◆ PROVIDED DATA ◆
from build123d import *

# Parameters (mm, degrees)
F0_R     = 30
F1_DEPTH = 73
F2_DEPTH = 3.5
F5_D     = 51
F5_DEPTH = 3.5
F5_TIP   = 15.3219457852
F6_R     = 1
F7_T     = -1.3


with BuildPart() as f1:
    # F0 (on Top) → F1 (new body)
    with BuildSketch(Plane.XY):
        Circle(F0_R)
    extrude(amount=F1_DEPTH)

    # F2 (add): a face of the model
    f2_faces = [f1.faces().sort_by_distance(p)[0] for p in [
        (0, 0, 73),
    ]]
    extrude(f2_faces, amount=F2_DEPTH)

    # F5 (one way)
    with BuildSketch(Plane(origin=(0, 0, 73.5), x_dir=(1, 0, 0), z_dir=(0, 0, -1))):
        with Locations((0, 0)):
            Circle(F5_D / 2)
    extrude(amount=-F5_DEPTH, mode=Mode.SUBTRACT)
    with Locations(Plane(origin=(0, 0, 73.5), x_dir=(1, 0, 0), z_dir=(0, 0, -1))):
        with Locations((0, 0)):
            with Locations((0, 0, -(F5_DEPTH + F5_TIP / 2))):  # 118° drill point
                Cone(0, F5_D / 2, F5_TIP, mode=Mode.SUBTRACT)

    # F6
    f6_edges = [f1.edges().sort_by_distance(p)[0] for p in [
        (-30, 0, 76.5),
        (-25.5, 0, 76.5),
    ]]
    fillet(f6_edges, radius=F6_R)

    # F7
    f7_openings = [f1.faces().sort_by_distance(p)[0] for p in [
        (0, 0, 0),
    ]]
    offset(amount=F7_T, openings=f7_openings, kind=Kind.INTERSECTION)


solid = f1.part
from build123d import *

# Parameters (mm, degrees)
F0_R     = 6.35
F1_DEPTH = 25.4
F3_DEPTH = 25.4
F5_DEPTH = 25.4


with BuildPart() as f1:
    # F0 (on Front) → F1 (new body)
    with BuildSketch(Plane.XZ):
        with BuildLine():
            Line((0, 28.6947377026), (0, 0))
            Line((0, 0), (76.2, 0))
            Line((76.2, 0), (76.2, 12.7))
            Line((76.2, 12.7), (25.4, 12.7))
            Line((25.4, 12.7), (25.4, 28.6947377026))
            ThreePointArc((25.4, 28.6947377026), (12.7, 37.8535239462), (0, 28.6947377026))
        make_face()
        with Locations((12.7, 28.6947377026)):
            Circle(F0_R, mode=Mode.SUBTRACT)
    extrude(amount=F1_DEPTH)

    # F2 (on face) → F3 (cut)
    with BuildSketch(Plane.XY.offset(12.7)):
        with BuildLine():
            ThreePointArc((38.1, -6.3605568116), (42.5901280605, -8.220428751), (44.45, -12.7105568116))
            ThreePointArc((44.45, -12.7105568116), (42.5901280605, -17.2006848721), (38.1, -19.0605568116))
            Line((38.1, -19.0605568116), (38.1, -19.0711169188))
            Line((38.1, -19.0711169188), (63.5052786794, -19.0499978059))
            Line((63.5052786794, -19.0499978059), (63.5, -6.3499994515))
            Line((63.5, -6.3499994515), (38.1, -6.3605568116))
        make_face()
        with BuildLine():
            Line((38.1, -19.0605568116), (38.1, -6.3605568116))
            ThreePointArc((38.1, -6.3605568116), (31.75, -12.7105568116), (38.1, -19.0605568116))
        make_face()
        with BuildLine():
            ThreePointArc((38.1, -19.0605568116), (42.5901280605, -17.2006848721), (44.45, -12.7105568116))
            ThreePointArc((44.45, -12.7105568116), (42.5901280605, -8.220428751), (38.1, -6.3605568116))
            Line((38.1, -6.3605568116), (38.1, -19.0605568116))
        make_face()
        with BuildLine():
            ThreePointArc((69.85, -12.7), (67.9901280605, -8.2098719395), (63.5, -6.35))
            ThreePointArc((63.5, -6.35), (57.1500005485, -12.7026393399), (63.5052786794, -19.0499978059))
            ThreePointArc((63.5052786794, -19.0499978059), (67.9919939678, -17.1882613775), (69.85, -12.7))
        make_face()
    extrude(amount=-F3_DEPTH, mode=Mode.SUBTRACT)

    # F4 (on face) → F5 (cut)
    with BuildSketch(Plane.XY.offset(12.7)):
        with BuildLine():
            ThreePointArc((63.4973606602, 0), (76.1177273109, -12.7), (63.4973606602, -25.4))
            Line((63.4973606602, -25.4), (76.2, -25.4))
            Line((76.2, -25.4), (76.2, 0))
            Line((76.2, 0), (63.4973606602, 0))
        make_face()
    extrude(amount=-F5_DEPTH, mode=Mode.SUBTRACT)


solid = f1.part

◆ WORK ITEM ◆
Word for word, write out each of the records above.

◆ OUTPUT OF THE TASK ◆
from build123d import *

# Parameters (mm, degrees)
F0_R     = 30
F1_DEPTH = 73
F2_DEPTH = 3.5
F5_D     = 51
F5_DEPTH = 3.5
F5_TIP   = 15.3219457852
F6_R     = 1
F7_T     = -1.3


with BuildPart() as f1:
    # F0 (on Top) → F1 (new body)
    with BuildSketch(Plane.XY):
        Circle(F0_R)
    extrude(amount=F1_DEPTH)

    # F2 (add): a face of the model
    f2_faces = [f1.faces().sort_by_distance(p)[0] for p in [
        (0, 0, 73),
    ]]
    extrude(f2_faces, amount=F2_DEPTH)

    # F5 (one way)
    with BuildSketch(Plane(origin=(0, 0, 73.5), x_dir=(1, 0, 0), z_dir=(0, 0, -1))):
        with Locations((0, 0)):
            Circle(F5_D / 2)
    extrude(amount=-F5_DEPTH, mode=Mode.SUBTRACT)
    with Locations(Plane(origin=(0, 0, 73.5), x_dir=(1, 0, 0), z_dir=(0, 0, -1))):
        with Locations((0, 0)):
            with Locations((0, 0, -(F5_DEPTH + F5_TIP / 2))):  # 118° drill point
                Cone(0, F5_D / 2, F5_TIP, mode=Mode.SUBTRACT)

    # F6
    f6_edges = [f1.edges().sort_by_distance(p)[0] for p in [
        (-30, 0, 76.5),
        (-25.5, 0, 76.5),
    ]]
    fillet(f6_edges, radius=F6_R)

    # F7
    f7_openings = [f1.faces().sort_by_distance(p)[0] for p in [
        (0, 0, 0),
    ]]
    offset(amount=F7_T, openings=f7_openings, kind=Kind.INTERSECTION)


solid = f1.part
from build123d import *

# Parameters (mm, degrees)
F0_R     = 6.35
F1_DEPTH = 25.4
F3_DEPTH = 25.4
F5_DEPTH = 25.4


with BuildPart() as f1:
    # F0 (on Front) → F1 (new body)
    with BuildSketch(Plane.XZ):
        with BuildLine():
            Line((0, 28.6947377026), (0, 0))
            Line((0, 0), (76.2, 0))
            Line((76.2, 0), (76.2, 12.7))
            Line((76.2, 12.7), (25.4, 12.7))
            Line((25.4, 12.7), (25.4, 28.6947377026))
            ThreePointArc((25.4, 28.6947377026), (12.7, 37.8535239462), (0, 28.6947377026))
        make_face()
        with Locations((12.7, 28.6947377026)):
            Circle(F0_R, mode=Mode.SUBTRACT)
    extrude(amount=F1_DEPTH)

    # F2 (on face) → F3 (cut)
    with BuildSketch(Plane.XY.offset(12.7)):
        with BuildLine():
            ThreePointArc((38.1, -6.3605568116), (42.5901280605, -8.220428751), (44.45, -12.7105568116))
            ThreePointArc((44.45, -12.7105568116), (42.5901280605, -17.2006848721), (38.1, -19.0605568116))
            Line((38.1, -19.0605568116), (38.1, -19.0711169188))
            Line((38.1, -19.0711169188), (63.5052786794, -19.0499978059))
            Line((63.5052786794, -19.0499978059), (63.5, -6.3499994515))
            Line((63.5, -6.3499994515), (38.1, -6.3605568116))
        make_face()
        with BuildLine():
            Line((38.1, -19.0605568116), (38.1, -6.3605568116))
            ThreePointArc((38.1, -6.3605568116), (31.75, -12.7105568116), (38.1, -19.0605568116))
        make_face()
        with BuildLine():
            ThreePointArc((38.1, -19.0605568116), (42.5901280605, -17.2006848721), (44.45, -12.7105568116))
            ThreePointArc((44.45, -12.7105568116), (42.5901280605, -8.220428751), (38.1, -6.3605568116))
            Line((38.1, -6.3605568116), (38.1, -19.0605568116))
        make_face()
        with BuildLine():
            ThreePointArc((69.85, -12.7), (67.9901280605, -8.2098719395), (63.5, -6.35))
            ThreePointArc((63.5, -6.35), (57.1500005485, -12.7026393399), (63.5052786794, -19.0499978059))
            ThreePointArc((63.5052786794, -19.0499978059), (67.9919939678, -17.1882613775), (69.85, -12.7))
        make_face()
    extrude(amount=-F3_DEPTH, mode=Mode.SUBTRACT)

    # F4 (on face) → F5 (cut)
    with BuildSketch(Plane.XY.offset(12.7)):
        with BuildLine():
            ThreePointArc((63.4973606602, 0), (76.1177273109, -12.7), (63.4973606602, -25.4))
            Line((63.4973606602, -25.4), (76.2, -25.4))
            Line((76.2, -25.4), (76.2, 0))
            Line((76.2, 0), (63.4973606602, 0))
        make_face()
    extrude(amount=-F5_DEPTH, mode=Mode.SUBTRACT)


solid = f1.part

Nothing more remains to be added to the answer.